Maple Grove is a town in Shawano County, Wisconsin, United States. The population was 939 at the 2020 census. The unincorporated communities of Hofa Park, Laney, and Rose Lawn are located in the town. The unincorporated communities of Angelica, Frazer Corners, and Pittsfield are also located partially in the town.

==Geography==
According to the United States Census Bureau, the town has a total area of 35.3 square miles (91.5 km^{2}), of which 35.3 square miles (91.5 km^{2}) is land and 0.03% is water.

==Demographics==
As of the census of 2000, there were 1,045 people, 360 households, and 297 families residing in the town. The population density was 29.6 people per square mile (11.4/km^{2}). There were 372 housing units at an average density of 10.5 per square mile (4.1/km^{2}). The racial makeup of the town was 99.04% White, 0.29% Native American, 0.29% Asian, and 0.38% from two or more races. Hispanic or Latino of any race were 1.05% of the population.

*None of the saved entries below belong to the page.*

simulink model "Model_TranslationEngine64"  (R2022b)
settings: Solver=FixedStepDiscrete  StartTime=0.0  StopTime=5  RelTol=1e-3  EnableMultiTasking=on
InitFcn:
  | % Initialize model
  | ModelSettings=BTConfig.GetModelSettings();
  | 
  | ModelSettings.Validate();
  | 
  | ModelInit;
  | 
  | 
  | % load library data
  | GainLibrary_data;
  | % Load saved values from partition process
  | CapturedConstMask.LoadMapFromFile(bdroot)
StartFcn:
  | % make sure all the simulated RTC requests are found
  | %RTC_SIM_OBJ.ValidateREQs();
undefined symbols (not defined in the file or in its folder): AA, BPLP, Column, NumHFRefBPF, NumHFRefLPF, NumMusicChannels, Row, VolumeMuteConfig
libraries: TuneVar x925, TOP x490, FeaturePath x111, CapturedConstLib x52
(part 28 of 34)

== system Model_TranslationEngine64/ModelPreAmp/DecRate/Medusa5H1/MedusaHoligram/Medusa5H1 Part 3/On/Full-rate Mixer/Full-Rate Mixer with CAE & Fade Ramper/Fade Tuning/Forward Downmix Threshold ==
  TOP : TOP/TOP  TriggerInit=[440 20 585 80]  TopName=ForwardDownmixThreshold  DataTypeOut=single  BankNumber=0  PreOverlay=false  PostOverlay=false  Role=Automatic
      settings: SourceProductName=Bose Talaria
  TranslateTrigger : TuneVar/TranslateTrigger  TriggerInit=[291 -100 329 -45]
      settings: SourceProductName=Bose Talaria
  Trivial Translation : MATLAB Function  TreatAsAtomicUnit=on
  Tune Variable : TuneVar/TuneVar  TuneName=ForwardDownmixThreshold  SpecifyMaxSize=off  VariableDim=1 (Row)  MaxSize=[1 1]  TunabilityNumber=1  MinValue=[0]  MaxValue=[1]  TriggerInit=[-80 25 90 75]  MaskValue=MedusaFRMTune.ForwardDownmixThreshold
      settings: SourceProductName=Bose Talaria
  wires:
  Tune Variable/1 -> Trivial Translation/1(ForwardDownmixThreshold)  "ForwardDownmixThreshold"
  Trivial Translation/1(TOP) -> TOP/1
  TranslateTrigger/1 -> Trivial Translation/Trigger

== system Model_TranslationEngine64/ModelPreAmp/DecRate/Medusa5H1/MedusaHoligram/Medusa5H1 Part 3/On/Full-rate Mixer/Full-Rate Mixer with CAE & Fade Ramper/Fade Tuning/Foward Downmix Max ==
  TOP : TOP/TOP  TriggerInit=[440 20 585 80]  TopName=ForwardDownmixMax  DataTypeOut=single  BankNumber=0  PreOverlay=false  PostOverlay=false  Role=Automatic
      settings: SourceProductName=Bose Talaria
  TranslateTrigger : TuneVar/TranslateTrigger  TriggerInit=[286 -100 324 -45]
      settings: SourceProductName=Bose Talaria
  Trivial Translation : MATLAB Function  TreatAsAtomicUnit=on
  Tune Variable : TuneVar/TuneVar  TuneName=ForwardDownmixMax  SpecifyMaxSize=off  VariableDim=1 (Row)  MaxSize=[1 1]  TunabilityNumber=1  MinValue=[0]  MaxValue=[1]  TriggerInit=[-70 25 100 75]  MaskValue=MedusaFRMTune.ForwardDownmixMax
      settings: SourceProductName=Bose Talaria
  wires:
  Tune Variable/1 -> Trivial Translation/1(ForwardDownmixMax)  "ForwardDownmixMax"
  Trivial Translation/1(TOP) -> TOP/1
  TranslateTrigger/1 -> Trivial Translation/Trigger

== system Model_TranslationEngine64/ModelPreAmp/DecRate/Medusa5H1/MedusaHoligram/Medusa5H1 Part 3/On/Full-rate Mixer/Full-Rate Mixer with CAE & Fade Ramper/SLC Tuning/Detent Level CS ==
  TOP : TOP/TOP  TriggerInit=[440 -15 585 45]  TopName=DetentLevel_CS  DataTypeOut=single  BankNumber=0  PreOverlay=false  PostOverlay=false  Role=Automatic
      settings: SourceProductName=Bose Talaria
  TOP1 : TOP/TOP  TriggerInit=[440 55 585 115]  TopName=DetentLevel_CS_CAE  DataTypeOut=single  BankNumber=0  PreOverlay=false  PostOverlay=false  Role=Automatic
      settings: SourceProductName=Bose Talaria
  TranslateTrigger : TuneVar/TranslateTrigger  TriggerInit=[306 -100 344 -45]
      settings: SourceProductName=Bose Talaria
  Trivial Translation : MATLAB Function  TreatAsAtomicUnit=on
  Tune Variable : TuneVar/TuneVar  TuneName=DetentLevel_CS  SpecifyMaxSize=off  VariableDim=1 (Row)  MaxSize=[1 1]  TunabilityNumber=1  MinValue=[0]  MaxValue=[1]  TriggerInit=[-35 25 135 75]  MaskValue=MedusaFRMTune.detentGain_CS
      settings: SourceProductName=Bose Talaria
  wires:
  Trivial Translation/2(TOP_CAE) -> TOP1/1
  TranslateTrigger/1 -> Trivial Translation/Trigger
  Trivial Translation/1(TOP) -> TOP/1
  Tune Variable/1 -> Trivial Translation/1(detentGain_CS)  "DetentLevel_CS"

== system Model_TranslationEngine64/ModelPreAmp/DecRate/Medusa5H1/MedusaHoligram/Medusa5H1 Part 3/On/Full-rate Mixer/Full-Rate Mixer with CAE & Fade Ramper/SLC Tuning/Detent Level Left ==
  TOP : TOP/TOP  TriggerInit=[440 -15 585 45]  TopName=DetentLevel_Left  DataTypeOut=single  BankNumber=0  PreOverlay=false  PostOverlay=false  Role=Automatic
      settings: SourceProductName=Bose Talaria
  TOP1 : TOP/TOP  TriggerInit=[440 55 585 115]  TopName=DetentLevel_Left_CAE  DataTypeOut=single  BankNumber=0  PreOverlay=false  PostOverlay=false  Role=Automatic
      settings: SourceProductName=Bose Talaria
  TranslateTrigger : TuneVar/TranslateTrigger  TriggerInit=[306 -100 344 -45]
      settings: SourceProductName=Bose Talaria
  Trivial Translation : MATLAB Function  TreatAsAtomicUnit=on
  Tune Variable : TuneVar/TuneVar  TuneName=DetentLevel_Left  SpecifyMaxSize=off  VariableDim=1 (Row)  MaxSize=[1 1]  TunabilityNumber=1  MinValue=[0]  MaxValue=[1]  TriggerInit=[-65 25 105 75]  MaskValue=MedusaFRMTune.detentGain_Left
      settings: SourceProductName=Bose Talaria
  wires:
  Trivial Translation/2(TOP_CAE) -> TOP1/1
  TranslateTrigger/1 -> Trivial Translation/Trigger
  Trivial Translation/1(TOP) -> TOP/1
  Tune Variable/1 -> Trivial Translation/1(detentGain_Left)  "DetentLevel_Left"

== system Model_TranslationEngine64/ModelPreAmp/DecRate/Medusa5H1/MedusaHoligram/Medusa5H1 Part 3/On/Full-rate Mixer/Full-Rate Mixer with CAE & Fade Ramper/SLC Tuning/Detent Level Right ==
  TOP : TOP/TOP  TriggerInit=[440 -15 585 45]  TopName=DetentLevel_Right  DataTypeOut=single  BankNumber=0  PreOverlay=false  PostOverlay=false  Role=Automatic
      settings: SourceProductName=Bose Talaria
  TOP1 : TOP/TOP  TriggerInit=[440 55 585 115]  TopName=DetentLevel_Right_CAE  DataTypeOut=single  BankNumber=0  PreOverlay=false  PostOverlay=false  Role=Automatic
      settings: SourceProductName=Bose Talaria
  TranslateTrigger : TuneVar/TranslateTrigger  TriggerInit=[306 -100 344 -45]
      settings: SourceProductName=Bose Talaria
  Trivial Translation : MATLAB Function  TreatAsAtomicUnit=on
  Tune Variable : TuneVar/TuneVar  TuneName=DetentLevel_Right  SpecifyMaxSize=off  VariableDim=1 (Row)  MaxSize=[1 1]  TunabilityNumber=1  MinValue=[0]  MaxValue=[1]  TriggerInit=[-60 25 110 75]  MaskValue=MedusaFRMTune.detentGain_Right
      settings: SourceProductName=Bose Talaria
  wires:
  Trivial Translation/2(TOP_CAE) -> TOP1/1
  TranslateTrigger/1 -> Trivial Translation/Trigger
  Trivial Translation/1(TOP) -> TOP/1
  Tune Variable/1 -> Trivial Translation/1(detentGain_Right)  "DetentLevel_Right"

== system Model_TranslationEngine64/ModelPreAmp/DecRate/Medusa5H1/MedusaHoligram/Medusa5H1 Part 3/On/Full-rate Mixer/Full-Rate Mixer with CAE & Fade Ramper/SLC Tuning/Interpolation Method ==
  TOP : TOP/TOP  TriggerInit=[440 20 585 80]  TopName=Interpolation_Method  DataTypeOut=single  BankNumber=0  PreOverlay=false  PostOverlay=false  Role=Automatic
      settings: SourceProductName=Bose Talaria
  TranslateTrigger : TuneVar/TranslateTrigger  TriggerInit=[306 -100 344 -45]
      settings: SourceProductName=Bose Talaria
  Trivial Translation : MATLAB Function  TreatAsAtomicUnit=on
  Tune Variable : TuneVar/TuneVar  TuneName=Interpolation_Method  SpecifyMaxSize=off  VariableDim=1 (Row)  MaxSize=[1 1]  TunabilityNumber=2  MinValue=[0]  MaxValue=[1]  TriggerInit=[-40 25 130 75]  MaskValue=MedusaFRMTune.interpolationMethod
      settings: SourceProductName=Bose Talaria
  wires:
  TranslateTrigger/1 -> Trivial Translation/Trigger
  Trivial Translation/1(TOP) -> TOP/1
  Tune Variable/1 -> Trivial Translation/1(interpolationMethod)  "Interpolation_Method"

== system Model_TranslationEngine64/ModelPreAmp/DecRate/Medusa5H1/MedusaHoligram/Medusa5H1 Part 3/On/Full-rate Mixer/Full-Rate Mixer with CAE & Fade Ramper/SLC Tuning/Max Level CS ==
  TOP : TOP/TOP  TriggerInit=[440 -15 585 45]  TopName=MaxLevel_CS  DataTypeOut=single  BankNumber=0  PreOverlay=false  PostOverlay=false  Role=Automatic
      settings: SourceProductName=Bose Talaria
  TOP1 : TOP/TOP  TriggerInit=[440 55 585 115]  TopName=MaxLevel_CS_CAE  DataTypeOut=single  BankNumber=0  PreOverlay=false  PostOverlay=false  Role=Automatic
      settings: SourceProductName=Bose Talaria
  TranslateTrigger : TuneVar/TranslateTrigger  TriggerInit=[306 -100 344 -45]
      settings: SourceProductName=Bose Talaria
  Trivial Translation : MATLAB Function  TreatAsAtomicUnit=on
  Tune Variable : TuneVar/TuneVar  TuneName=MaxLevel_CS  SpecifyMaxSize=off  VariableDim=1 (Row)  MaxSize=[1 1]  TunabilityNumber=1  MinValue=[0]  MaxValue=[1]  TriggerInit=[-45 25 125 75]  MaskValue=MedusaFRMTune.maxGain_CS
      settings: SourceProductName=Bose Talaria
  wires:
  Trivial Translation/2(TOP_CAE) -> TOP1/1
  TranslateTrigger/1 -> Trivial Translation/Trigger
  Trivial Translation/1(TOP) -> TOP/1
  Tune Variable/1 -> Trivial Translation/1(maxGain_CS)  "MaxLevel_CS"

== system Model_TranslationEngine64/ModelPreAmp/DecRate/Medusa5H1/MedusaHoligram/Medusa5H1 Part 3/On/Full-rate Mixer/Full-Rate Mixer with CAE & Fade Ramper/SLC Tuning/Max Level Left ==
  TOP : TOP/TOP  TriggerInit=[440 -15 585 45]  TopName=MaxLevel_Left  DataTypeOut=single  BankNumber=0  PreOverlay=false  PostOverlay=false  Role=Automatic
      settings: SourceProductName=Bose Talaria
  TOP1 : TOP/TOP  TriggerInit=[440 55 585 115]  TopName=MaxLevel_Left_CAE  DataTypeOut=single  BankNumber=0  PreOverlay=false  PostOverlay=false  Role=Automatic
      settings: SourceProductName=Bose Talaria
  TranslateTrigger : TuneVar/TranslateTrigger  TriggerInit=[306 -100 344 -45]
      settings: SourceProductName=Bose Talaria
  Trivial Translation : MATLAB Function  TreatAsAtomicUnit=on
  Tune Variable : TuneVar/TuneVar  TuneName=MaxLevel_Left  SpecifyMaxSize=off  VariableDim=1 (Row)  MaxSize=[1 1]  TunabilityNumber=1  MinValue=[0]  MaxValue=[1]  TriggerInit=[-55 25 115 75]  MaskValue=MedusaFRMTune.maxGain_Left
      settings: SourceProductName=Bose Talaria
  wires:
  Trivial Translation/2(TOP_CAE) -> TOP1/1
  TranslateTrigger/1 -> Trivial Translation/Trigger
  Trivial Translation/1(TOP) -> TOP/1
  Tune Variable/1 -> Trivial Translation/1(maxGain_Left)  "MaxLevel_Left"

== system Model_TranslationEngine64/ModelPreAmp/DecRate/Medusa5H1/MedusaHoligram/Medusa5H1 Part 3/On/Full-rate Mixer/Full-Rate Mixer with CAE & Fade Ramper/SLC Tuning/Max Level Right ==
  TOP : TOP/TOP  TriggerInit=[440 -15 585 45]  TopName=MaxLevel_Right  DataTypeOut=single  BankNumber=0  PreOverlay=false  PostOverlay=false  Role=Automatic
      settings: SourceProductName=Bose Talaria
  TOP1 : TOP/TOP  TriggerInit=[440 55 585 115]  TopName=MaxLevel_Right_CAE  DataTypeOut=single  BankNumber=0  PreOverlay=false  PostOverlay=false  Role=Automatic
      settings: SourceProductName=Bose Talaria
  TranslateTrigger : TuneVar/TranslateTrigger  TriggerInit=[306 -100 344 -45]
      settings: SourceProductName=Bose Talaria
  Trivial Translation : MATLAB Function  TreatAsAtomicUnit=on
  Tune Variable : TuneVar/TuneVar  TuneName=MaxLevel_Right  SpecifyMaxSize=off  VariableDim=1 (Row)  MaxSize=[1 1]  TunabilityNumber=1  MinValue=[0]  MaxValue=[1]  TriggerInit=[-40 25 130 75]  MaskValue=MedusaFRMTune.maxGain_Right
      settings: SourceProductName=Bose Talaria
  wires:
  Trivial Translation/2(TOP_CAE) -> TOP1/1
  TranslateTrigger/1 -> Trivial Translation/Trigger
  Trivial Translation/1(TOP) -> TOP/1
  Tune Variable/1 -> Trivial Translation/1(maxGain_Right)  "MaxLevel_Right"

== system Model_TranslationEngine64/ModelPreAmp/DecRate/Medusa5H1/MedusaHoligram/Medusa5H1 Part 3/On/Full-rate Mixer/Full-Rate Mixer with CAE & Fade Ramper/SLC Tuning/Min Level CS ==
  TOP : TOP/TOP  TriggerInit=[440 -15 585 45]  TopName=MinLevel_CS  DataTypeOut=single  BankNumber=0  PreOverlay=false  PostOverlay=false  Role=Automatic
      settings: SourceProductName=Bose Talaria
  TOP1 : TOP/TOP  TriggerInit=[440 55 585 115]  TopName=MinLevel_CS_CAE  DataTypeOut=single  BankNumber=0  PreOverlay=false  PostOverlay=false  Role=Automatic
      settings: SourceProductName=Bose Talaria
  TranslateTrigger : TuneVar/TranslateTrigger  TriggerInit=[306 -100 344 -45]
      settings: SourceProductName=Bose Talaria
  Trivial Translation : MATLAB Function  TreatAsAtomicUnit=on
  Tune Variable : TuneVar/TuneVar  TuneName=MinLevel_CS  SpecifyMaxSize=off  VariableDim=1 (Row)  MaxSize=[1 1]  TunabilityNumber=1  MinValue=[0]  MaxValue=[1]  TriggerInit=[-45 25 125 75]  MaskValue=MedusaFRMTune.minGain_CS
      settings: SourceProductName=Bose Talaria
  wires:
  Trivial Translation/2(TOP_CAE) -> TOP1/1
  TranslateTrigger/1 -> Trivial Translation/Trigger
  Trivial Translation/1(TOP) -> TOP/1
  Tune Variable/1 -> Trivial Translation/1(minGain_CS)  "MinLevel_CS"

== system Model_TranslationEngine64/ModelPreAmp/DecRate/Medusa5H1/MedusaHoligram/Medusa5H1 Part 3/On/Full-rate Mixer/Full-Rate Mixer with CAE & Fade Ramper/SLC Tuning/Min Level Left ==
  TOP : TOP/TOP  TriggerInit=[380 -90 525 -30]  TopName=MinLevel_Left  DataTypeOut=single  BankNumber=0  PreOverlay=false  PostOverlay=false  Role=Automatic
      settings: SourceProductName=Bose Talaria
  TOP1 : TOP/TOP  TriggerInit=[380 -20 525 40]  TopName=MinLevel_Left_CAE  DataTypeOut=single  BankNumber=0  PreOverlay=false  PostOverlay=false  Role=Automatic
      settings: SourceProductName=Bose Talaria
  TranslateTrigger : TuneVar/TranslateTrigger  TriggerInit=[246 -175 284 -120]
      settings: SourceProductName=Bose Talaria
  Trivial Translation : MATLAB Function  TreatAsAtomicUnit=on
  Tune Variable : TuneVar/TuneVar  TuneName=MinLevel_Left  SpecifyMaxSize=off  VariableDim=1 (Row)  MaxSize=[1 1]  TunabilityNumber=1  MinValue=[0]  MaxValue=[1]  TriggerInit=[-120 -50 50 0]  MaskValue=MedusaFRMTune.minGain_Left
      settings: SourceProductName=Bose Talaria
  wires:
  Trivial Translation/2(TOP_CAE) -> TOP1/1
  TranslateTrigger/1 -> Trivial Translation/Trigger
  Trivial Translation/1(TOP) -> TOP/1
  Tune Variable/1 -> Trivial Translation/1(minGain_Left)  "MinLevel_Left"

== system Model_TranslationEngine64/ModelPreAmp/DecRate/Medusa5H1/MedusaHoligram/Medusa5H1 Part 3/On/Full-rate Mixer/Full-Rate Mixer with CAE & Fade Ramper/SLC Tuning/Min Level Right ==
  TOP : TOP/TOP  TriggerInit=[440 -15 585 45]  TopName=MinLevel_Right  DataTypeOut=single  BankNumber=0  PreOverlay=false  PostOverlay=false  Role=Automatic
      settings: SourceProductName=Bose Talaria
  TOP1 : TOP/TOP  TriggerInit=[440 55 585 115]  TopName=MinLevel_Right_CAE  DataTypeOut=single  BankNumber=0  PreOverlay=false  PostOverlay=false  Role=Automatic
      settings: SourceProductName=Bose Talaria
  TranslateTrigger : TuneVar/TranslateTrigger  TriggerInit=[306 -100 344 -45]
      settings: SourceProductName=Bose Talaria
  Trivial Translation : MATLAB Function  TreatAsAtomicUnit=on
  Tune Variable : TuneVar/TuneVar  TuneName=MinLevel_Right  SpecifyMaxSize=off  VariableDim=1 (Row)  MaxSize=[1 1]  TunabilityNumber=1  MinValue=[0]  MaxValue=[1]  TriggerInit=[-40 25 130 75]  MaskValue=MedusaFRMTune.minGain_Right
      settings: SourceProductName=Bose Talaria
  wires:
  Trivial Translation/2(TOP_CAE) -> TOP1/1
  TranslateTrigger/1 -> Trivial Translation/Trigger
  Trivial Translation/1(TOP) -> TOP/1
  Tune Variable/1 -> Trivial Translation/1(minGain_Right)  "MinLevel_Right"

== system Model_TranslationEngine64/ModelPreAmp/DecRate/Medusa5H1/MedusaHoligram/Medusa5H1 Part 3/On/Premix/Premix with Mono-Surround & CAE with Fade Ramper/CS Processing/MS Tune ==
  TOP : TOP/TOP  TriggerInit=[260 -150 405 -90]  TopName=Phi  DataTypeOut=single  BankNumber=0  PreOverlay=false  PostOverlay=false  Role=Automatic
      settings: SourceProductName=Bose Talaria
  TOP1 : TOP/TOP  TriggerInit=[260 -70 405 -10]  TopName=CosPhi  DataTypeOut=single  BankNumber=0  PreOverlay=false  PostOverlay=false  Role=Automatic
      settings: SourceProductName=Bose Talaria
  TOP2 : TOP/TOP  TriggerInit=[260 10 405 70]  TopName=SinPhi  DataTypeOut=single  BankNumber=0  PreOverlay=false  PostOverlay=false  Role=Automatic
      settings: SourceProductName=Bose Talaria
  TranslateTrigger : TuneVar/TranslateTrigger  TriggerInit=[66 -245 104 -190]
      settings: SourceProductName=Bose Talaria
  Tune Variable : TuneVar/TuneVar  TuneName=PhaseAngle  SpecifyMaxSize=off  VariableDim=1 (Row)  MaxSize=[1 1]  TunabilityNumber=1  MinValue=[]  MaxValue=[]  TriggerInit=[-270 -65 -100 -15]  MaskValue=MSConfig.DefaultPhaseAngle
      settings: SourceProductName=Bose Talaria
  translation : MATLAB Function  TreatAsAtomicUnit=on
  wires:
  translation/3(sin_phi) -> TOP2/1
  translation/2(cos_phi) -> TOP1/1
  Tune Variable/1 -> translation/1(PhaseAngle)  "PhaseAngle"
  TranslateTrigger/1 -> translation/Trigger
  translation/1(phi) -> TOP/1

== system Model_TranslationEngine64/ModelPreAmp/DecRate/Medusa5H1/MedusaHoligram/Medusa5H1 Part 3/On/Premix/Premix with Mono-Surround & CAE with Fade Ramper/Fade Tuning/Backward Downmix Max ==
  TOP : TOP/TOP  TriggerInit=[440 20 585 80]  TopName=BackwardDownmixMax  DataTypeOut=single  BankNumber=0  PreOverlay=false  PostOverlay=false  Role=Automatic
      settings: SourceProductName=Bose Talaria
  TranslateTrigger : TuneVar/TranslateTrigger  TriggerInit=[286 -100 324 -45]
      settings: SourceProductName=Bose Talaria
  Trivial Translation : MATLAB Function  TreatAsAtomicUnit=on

There were 360 households, out of which 36.1% had children under the age of 18 living with them, 73.1% were married couples living together, 5.0% had a female householder with no husband present, and 17.5% were non-families. 13.6% of all households were made up of individuals, and 6.7% had someone living alone who was 65 years of age or older. The average household size was 2.90 and the average family size was 3.21.

In the town, the population was spread out, with 27.0% under the age of 18, 7.5% from 18 to 24, 29.9% from 25 to 44, 22.5% from 45 to 64, and 13.2% who were 65 years of age or older. The median age was 37 years. For every 100 females, there were 101.3 males. For every 100 females age 18 and over, there were 106.2 males.

The median income for a household in the town was $45,568, and the median income for a family was $52,625. Males had a median income of $31,944 versus $23,500 for females. The per capita income for the town was $16,818. About 3.2% of families and 5.5% of the population were below the poverty line, including 6.9% of those under age 18 and 2.7% of those age 65 or over.